Directions for this task:
Read through the lines below for the string "board" and copy each one that has it.

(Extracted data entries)
* * *

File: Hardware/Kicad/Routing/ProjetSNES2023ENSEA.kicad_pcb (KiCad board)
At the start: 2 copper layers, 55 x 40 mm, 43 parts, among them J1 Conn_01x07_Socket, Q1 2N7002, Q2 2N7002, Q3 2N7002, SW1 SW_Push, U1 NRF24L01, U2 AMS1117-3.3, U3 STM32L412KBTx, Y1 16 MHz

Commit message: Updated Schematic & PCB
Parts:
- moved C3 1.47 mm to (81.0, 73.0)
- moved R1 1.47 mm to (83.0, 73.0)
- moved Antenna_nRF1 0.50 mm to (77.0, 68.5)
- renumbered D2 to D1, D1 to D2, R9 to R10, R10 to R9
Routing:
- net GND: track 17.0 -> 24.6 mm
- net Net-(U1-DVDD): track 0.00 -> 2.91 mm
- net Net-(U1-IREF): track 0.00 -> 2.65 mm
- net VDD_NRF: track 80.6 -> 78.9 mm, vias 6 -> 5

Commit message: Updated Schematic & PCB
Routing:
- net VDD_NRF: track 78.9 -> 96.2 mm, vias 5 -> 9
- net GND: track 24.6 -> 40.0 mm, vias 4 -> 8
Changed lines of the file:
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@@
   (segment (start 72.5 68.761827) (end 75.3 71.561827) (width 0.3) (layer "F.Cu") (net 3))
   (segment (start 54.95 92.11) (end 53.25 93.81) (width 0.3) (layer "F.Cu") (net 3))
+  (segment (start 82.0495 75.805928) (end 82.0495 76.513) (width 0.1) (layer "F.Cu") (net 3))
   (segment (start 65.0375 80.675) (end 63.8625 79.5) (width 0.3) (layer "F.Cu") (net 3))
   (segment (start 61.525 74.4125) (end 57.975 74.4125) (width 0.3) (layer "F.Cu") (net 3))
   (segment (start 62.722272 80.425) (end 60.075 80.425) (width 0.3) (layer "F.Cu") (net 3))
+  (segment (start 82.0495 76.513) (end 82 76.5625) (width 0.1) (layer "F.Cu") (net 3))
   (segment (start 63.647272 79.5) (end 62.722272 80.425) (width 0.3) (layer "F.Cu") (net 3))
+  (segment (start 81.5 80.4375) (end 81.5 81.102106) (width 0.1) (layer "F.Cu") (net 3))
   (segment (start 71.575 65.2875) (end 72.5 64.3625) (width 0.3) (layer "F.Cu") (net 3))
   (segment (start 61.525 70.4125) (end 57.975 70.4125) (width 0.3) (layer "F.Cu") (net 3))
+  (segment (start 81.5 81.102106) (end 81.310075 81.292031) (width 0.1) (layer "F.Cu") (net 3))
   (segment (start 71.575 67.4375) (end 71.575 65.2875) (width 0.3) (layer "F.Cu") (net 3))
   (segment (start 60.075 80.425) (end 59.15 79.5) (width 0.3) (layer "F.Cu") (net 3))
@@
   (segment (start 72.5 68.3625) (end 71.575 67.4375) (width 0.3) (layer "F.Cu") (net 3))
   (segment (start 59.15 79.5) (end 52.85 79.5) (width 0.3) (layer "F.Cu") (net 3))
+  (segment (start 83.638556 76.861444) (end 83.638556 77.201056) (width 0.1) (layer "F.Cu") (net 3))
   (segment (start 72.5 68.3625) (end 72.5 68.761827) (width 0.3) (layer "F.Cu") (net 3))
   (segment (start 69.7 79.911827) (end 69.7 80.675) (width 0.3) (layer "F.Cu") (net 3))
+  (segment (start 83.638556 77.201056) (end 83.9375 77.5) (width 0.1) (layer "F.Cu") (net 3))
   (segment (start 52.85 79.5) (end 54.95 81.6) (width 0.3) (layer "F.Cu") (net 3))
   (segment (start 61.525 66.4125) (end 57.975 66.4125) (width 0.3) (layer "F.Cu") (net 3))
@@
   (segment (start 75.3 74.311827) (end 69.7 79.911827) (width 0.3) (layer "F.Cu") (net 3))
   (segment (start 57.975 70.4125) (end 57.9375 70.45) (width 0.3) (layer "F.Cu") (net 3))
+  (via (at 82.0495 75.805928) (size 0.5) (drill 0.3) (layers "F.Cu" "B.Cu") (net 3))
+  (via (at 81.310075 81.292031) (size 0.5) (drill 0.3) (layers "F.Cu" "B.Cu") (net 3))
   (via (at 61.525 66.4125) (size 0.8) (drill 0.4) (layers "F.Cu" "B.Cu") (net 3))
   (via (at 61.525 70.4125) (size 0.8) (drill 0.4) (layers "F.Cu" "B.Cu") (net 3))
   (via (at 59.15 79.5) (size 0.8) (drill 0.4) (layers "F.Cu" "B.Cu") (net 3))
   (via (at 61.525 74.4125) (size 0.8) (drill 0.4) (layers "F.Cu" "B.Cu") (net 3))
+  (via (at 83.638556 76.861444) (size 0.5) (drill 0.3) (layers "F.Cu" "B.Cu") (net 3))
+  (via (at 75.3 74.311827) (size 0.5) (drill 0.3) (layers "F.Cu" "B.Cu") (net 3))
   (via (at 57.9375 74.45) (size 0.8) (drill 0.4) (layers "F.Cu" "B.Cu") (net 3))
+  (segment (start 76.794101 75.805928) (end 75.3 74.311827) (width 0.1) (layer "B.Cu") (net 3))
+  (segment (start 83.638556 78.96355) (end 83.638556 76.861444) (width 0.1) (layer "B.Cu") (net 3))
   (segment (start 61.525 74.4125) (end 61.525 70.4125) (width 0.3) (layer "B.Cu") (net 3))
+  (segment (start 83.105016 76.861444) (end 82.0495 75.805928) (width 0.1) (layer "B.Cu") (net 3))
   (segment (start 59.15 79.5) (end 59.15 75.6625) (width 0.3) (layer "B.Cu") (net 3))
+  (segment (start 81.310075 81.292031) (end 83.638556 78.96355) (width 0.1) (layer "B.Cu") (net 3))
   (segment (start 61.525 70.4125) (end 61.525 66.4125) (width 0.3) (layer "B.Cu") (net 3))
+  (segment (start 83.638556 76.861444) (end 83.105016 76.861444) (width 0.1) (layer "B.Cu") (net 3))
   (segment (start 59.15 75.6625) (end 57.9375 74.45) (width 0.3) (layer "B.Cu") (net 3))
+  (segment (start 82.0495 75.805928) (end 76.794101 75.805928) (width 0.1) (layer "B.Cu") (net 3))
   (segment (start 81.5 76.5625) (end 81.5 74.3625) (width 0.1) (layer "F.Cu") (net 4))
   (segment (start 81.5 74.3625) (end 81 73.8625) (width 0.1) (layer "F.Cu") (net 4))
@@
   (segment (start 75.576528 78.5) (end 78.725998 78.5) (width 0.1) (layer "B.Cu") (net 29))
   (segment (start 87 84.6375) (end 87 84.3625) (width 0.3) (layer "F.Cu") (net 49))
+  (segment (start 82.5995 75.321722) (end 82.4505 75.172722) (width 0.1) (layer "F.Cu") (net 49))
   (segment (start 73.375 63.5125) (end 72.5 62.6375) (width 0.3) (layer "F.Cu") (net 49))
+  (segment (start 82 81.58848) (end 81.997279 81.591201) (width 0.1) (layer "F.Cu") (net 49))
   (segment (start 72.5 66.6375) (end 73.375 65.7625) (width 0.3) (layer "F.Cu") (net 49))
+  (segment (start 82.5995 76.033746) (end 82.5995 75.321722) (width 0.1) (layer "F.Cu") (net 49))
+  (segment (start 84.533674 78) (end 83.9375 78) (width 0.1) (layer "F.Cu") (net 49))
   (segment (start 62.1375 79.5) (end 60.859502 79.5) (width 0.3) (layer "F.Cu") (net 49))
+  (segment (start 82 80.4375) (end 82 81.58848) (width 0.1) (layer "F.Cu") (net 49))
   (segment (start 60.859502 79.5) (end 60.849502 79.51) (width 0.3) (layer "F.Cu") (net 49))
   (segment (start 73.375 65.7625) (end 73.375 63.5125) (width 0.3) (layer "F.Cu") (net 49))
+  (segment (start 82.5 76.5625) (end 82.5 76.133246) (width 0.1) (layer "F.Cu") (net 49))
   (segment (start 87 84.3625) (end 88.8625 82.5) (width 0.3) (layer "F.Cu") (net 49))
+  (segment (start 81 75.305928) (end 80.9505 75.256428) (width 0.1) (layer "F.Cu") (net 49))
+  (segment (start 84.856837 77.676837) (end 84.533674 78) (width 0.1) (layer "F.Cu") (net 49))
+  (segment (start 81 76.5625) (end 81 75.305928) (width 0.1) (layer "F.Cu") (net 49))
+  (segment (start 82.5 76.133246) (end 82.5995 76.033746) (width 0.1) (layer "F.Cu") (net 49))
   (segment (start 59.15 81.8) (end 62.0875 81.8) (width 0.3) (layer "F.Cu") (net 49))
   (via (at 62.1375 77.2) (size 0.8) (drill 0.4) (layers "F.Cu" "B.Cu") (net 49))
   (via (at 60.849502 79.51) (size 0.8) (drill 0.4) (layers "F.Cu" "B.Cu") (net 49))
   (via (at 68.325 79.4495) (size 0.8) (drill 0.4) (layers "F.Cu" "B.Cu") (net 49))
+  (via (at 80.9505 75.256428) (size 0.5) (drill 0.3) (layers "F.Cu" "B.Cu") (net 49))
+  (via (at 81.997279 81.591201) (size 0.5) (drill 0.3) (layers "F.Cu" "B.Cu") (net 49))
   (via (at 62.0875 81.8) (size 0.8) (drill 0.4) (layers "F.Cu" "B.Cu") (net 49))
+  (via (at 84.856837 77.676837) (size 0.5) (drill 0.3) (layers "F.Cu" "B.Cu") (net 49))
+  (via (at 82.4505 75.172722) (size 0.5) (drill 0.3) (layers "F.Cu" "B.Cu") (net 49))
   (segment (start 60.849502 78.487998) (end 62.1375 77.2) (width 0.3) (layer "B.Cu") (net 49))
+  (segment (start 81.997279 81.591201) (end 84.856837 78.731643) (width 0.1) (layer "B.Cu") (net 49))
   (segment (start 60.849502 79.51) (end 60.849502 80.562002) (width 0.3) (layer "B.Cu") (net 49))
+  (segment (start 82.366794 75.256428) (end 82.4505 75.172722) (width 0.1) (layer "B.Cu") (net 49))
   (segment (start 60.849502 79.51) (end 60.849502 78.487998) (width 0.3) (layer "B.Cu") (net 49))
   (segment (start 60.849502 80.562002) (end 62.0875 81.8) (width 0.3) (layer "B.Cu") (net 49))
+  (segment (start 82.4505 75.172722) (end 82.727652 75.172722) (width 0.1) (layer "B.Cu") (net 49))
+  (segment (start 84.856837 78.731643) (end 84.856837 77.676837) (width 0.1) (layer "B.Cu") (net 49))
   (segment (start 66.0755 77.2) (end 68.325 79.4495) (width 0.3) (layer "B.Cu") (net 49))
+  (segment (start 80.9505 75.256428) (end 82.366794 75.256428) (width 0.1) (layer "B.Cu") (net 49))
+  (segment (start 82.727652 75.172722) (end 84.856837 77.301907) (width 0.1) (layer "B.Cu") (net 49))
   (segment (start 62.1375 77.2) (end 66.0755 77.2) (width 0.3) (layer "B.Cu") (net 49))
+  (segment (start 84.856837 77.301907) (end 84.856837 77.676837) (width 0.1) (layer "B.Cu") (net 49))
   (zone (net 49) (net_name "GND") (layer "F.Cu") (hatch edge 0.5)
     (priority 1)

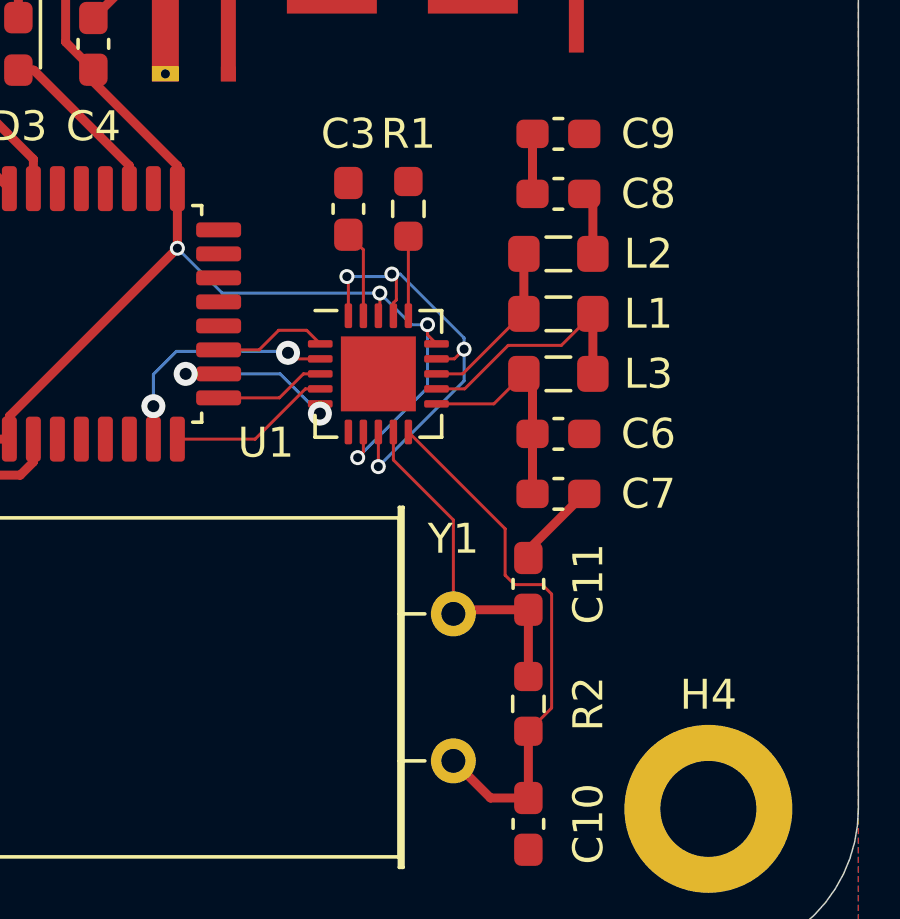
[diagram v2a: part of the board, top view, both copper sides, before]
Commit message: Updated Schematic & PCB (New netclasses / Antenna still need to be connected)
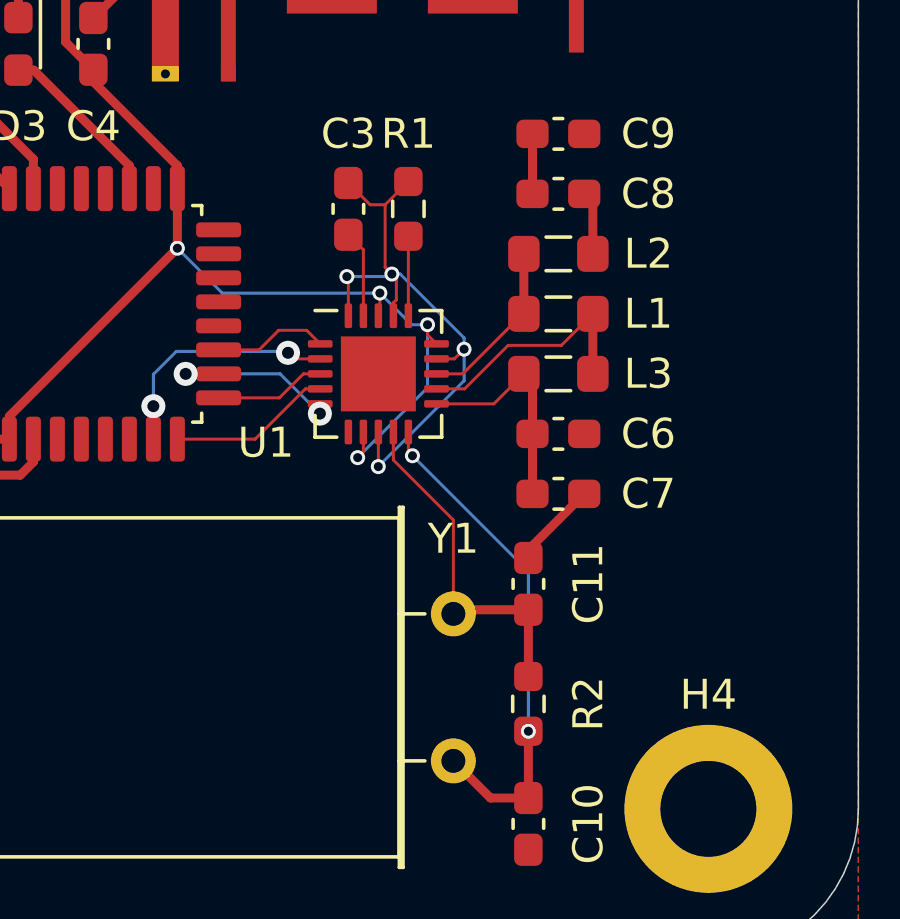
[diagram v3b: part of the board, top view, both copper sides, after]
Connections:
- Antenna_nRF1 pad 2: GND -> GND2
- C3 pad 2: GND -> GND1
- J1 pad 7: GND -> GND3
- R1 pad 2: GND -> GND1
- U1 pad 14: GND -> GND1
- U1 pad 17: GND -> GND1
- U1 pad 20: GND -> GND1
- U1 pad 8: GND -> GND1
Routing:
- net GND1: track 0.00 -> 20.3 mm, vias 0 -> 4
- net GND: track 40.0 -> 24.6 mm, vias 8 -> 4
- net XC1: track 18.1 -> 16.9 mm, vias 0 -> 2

* * *

Response to this task:
File: Hardware/Kicad/Routing/ProjetSNES2023ENSEA.kicad_pcb (KiCad board)
[diagram v2a: part of the board, top view, both copper sides, before]
[diagram v3b: part of the board, top view, both copper sides, after]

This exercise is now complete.